### INFORMATION GIVEN

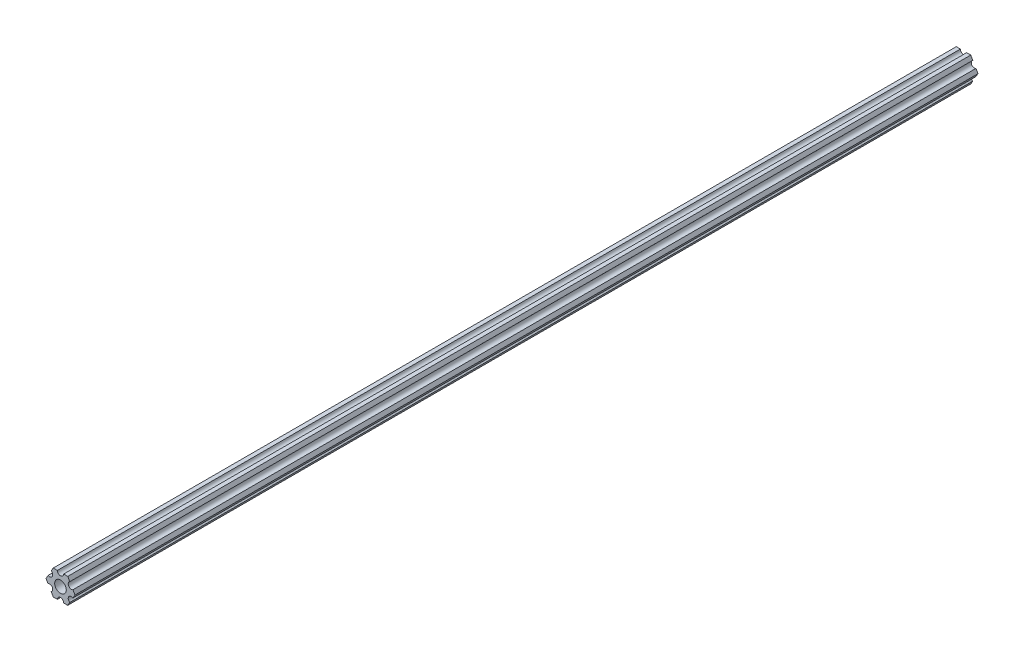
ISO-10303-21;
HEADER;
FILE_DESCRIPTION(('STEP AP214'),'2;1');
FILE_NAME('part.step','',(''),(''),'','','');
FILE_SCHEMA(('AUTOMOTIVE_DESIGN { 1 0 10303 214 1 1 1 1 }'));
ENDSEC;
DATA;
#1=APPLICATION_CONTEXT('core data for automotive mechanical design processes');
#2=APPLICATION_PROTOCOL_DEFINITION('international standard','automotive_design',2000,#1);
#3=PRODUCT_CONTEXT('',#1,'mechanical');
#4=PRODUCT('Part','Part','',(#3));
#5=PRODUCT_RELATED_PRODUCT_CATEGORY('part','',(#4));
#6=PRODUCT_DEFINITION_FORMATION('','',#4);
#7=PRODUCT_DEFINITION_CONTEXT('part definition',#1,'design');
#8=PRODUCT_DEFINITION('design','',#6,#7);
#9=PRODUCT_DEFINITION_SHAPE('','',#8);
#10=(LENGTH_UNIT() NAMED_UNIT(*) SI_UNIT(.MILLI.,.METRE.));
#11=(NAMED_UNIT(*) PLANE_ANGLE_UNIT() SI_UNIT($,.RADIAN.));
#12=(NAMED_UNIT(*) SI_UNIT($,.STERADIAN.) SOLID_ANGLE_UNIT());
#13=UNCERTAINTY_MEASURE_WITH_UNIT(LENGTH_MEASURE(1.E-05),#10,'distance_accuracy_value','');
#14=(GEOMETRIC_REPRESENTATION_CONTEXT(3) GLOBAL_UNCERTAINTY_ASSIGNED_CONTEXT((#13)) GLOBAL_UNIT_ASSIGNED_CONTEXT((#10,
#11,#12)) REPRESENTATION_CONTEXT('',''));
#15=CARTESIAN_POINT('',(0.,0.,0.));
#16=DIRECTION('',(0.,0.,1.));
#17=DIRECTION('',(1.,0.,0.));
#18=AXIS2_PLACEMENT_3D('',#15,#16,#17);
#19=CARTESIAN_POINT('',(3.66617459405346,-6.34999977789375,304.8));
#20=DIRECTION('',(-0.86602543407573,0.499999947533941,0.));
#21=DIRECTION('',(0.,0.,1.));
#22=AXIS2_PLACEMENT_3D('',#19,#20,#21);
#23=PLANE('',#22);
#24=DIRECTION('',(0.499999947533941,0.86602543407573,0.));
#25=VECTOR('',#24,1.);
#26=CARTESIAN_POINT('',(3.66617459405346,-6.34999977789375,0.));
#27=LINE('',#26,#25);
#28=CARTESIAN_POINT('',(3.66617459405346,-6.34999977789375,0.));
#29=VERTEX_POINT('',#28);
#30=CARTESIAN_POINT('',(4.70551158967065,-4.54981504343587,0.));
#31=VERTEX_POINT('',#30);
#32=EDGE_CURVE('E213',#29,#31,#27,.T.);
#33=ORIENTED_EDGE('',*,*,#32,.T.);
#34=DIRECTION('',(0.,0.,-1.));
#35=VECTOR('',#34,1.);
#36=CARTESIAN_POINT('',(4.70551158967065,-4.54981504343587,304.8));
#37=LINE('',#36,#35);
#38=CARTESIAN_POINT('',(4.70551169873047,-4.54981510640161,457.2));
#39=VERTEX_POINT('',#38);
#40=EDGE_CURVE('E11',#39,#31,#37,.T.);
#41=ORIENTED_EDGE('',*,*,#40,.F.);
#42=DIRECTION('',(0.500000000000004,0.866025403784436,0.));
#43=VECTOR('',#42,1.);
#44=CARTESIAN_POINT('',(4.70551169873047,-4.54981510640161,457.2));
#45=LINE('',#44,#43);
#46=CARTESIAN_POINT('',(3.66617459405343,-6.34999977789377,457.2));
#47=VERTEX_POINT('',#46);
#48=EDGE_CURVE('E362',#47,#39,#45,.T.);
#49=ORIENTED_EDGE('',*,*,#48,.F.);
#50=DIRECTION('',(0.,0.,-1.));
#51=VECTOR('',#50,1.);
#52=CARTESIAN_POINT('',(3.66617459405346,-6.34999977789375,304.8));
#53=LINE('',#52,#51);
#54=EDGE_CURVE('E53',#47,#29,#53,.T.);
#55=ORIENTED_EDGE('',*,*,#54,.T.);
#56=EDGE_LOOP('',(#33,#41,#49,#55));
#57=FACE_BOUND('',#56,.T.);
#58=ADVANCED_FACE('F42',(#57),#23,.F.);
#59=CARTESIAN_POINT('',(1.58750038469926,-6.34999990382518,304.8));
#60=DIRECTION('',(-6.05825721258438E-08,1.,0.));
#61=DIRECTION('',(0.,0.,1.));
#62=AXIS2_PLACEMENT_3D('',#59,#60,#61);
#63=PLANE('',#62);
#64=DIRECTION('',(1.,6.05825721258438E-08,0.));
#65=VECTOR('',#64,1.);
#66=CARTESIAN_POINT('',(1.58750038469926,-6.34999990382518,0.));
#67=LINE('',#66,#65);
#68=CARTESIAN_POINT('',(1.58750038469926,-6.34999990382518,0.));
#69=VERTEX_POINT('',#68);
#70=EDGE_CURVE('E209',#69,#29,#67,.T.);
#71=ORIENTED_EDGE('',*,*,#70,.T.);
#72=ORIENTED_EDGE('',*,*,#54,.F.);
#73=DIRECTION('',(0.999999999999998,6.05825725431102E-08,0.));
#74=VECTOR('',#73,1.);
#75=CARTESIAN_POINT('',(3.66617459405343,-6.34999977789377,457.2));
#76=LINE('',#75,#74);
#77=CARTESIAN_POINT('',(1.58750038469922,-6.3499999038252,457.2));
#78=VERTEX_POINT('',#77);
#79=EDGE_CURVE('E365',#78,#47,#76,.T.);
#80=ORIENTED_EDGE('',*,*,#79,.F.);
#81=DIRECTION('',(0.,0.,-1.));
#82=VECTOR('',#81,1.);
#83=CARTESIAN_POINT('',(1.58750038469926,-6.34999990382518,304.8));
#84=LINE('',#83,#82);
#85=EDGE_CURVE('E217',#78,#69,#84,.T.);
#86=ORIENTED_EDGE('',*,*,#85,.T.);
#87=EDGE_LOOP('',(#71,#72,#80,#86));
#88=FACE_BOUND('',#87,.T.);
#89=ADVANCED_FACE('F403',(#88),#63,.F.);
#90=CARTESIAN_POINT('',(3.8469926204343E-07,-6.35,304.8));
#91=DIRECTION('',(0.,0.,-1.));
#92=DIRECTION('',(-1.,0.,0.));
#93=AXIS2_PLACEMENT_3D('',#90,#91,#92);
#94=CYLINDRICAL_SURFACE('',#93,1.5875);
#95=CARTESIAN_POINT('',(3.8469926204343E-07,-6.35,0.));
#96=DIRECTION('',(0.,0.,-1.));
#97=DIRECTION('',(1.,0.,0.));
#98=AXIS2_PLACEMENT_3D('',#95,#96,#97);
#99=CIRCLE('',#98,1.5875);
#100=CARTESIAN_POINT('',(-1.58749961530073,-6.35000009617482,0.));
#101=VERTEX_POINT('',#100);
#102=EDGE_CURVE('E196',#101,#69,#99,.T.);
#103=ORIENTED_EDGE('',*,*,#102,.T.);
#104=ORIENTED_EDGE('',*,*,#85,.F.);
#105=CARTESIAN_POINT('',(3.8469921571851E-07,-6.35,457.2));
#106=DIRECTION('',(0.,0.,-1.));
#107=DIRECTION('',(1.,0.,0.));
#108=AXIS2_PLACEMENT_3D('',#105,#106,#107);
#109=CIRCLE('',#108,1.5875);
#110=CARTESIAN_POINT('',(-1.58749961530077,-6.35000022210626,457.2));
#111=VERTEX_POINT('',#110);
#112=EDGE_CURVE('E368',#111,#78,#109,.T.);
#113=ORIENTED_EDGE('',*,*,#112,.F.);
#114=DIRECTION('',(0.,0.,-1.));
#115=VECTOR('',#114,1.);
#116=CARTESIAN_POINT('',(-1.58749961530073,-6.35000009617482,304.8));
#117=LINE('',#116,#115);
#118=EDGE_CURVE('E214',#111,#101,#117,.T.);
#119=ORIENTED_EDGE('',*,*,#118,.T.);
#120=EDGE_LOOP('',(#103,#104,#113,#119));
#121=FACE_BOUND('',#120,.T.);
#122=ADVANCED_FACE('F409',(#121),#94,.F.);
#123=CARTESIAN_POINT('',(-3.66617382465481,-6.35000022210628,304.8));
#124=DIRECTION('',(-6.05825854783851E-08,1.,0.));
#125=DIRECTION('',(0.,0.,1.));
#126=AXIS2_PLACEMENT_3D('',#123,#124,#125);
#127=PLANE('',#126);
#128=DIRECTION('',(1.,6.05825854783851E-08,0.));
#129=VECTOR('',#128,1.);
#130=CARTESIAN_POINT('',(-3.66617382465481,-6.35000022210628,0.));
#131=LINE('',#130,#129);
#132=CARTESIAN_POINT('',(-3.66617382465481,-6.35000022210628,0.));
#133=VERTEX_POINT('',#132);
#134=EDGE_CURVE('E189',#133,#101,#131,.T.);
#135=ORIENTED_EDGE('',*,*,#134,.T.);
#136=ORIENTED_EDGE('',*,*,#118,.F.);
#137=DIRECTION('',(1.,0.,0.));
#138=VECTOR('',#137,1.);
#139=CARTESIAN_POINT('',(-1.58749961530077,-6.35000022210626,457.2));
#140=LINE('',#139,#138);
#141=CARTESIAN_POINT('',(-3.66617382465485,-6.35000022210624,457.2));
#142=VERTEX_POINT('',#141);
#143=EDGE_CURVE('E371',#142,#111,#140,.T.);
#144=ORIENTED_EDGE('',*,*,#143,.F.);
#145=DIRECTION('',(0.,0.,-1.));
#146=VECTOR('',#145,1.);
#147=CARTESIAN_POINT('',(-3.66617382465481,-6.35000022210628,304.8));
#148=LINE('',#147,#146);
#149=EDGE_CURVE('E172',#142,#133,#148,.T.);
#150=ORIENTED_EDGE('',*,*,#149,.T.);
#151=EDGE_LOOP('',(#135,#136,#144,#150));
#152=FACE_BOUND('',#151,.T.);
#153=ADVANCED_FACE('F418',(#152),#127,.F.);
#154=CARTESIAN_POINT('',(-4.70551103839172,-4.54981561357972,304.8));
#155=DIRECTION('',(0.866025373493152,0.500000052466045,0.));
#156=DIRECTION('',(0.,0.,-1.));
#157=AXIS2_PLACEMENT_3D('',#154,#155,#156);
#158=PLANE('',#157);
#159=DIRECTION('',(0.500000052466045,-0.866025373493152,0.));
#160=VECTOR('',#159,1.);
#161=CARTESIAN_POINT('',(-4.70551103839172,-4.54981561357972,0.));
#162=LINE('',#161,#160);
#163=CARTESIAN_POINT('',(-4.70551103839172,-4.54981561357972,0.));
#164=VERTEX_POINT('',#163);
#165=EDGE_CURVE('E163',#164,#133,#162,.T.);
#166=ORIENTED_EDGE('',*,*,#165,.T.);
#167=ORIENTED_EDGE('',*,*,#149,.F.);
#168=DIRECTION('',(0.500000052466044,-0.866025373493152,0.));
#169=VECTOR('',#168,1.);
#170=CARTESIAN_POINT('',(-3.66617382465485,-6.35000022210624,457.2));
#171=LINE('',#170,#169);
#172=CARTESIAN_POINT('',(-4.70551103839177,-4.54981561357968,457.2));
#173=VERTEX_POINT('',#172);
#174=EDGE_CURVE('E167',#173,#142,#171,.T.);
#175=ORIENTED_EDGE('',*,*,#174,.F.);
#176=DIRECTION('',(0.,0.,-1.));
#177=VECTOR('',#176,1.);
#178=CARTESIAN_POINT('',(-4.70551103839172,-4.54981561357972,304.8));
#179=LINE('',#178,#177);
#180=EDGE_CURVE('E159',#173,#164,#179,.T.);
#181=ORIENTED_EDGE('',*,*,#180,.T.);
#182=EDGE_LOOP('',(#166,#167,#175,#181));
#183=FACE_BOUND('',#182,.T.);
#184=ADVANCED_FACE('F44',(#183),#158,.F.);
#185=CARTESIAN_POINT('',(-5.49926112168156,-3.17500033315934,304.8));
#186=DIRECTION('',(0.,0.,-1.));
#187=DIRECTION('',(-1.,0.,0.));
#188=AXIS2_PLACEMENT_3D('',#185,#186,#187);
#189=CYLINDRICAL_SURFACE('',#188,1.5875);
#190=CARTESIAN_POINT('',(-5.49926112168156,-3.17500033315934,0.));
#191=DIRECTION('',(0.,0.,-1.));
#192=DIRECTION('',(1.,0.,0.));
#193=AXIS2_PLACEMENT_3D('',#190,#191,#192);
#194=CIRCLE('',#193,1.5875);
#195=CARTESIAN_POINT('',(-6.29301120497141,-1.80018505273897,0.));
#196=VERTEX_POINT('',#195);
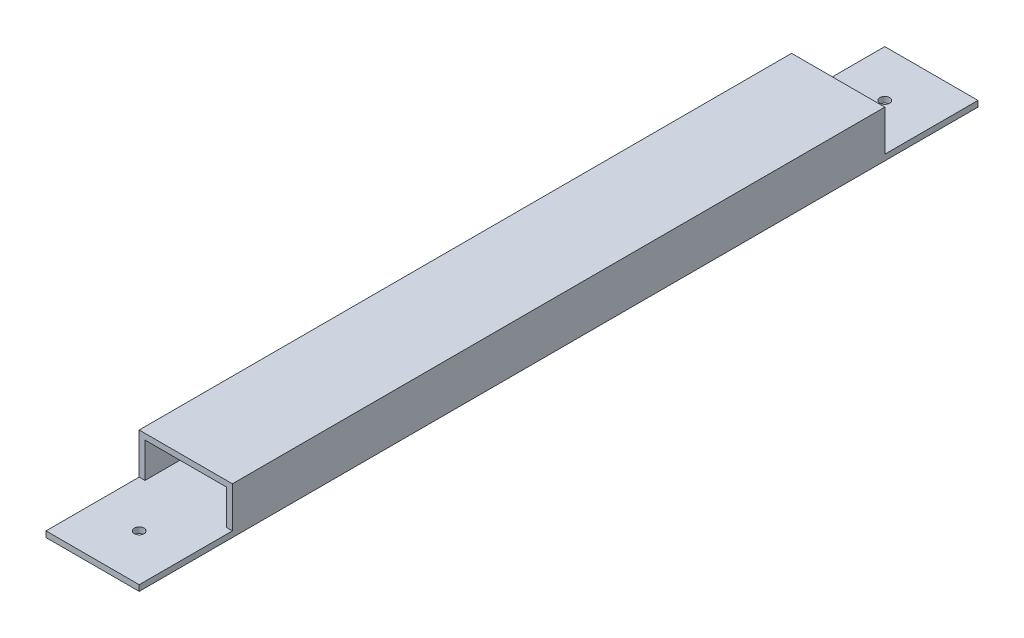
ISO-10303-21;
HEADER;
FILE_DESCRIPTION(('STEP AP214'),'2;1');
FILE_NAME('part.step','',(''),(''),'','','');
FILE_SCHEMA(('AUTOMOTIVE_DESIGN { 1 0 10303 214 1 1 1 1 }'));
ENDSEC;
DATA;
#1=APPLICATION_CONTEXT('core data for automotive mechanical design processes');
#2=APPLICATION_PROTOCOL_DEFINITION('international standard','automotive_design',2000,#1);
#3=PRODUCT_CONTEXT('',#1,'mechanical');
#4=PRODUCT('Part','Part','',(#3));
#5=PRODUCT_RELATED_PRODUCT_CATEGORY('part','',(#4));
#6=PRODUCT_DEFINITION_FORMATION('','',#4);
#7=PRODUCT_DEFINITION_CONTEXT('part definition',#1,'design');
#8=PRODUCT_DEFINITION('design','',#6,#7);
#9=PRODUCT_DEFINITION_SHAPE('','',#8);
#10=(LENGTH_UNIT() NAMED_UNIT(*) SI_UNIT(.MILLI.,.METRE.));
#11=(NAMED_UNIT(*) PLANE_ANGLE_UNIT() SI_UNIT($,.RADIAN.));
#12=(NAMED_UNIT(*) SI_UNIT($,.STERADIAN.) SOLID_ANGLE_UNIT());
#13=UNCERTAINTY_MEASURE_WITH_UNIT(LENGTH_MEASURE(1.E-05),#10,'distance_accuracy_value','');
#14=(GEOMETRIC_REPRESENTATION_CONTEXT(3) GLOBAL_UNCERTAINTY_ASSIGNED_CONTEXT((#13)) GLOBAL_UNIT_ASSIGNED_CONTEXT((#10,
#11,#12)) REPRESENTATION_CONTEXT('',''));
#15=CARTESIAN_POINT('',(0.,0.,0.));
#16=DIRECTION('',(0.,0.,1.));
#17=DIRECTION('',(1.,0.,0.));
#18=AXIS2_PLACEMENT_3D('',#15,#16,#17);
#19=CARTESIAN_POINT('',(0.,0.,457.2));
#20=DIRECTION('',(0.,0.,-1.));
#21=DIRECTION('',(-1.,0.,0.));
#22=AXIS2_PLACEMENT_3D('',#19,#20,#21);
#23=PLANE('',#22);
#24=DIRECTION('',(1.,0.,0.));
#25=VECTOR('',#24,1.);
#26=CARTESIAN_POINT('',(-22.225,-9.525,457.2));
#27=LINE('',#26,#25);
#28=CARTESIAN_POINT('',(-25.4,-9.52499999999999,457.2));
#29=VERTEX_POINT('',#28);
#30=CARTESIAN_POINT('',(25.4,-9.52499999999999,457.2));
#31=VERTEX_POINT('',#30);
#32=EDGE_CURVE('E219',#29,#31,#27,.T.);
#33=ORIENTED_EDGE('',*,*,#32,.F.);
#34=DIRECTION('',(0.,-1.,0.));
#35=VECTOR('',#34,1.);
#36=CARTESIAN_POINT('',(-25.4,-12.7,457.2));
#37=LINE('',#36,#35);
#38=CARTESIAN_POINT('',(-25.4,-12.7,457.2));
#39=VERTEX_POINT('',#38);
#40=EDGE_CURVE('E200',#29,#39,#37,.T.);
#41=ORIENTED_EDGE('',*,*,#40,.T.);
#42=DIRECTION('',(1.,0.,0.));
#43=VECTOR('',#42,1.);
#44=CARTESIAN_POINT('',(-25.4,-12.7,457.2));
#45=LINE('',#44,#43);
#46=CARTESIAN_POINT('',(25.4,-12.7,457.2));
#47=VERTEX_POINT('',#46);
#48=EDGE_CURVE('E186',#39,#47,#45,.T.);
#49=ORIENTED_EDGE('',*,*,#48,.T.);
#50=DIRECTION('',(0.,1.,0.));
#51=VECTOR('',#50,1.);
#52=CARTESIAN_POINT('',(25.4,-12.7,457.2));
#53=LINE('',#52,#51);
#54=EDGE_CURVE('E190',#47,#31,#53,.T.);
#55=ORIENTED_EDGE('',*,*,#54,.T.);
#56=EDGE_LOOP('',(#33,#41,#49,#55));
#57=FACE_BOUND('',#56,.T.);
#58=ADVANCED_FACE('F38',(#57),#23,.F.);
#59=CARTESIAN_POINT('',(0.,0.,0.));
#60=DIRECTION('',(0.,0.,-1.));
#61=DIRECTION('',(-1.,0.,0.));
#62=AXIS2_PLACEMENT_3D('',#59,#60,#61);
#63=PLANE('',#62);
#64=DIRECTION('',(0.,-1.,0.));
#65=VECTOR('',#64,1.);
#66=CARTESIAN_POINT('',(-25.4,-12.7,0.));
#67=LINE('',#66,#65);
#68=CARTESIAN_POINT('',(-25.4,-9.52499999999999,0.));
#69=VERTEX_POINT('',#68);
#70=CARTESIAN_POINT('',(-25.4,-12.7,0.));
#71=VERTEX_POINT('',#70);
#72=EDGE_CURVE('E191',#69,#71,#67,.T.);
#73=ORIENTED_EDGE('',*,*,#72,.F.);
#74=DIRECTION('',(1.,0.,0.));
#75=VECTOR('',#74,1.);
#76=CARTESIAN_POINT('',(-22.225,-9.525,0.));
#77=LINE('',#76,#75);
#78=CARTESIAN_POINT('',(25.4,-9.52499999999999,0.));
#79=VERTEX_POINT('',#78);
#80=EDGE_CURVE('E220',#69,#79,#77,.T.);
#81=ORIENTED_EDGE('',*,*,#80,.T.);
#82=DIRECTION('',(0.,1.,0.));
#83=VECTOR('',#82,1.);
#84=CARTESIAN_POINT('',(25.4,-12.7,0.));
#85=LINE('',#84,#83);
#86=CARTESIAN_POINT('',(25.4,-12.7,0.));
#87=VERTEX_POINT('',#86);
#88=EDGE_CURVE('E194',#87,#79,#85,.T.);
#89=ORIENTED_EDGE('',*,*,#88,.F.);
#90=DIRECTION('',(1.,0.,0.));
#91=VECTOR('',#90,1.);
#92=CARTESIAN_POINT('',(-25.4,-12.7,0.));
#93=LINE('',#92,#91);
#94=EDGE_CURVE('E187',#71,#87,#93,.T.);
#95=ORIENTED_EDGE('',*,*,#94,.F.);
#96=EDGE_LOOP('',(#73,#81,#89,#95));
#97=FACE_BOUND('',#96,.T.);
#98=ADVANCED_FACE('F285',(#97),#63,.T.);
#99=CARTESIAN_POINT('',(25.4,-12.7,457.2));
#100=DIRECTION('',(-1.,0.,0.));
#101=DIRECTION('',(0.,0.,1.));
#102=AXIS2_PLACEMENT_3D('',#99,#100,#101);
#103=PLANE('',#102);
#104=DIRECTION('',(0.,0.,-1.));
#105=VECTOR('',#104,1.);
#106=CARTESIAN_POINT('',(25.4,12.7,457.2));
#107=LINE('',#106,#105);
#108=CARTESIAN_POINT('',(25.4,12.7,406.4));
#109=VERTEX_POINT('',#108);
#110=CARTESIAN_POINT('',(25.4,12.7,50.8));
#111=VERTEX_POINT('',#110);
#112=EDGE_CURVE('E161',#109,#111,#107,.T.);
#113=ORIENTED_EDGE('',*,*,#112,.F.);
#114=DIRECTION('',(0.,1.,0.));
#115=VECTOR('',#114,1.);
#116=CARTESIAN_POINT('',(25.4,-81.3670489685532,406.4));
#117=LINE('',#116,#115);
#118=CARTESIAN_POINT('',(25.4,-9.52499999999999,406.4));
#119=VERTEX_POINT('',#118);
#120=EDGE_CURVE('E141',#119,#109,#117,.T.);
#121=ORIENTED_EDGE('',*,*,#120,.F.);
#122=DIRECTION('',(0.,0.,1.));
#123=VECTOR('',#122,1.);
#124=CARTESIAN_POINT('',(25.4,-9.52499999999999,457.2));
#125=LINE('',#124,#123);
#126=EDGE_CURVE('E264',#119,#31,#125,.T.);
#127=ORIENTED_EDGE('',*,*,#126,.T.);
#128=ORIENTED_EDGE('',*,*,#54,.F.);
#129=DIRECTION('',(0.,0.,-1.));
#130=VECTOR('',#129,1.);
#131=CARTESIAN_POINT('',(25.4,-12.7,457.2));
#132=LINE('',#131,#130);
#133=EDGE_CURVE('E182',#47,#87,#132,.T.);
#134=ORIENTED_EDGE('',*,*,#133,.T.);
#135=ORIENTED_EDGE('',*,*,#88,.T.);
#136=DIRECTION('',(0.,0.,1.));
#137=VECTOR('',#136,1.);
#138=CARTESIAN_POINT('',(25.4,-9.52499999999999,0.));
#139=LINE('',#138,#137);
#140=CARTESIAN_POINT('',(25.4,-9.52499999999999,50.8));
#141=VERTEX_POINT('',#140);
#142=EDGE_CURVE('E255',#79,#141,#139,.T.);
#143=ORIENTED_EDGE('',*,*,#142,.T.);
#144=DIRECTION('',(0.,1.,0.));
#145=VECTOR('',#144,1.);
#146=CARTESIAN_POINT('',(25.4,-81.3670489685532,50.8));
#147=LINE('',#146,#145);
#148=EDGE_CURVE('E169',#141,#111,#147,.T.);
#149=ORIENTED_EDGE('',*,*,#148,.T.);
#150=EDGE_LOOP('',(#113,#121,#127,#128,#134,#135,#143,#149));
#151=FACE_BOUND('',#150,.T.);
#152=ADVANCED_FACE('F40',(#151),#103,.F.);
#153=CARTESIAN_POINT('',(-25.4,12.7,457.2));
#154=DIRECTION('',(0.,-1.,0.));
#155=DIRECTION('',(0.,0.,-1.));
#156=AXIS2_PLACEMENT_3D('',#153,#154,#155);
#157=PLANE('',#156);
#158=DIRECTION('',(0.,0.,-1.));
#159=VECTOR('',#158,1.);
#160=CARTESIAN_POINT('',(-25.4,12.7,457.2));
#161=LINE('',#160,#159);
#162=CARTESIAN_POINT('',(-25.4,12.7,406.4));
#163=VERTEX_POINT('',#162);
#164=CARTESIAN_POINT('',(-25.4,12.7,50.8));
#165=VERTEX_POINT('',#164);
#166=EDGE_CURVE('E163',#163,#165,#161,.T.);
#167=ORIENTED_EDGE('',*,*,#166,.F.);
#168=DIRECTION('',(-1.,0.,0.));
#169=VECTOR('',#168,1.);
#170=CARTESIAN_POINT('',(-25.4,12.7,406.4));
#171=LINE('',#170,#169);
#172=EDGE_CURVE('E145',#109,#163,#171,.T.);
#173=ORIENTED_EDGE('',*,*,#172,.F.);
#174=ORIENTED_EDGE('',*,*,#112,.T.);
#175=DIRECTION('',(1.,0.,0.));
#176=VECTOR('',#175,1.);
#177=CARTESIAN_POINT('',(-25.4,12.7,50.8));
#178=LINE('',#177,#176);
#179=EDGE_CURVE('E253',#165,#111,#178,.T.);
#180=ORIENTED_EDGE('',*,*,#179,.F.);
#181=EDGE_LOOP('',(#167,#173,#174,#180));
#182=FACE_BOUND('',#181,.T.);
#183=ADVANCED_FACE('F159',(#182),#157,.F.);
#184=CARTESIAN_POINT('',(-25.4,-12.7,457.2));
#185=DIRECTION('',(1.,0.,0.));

######

▶ _EXERCISE_: Restate word for word only the lines above from the line containing "#164=VERTEX_POINT('',#163);" to the line containing "#187=DIRECTION('',(-1.,0.,0.));", both of them included.

▶ _WRITTEN ANSWER_:
#164=VERTEX_POINT('',#163);
#165=EDGE_CURVE('E163',#164,#133,#162,.T.);
#166=ORIENTED_EDGE('',*,*,#165,.T.);
#167=ORIENTED_EDGE('',*,*,#149,.F.);
#168=DIRECTION('',(0.500000052466044,-0.866025373493152,0.));
#169=VECTOR('',#168,1.);
#170=CARTESIAN_POINT('',(-3.66617382465485,-6.35000022210624,457.2));
#171=LINE('',#170,#169);
#172=CARTESIAN_POINT('',(-4.70551103839177,-4.54981561357968,457.2));
#173=VERTEX_POINT('',#172);
#174=EDGE_CURVE('E167',#173,#142,#171,.T.);
#175=ORIENTED_EDGE('',*,*,#174,.F.);
#176=DIRECTION('',(0.,0.,-1.));
#177=VECTOR('',#176,1.);
#178=CARTESIAN_POINT('',(-4.70551103839172,-4.54981561357972,304.8));
#179=LINE('',#178,#177);
#180=EDGE_CURVE('E159',#173,#164,#179,.T.);
#181=ORIENTED_EDGE('',*,*,#180,.T.);
#182=EDGE_LOOP('',(#166,#167,#175,#181));
#183=FACE_BOUND('',#182,.T.);
#184=ADVANCED_FACE('F44',(#183),#158,.F.);
#185=CARTESIAN_POINT('',(-5.49926112168156,-3.17500033315934,304.8));
#186=DIRECTION('',(0.,0.,-1.));
#187=DIRECTION('',(-1.,0.,0.));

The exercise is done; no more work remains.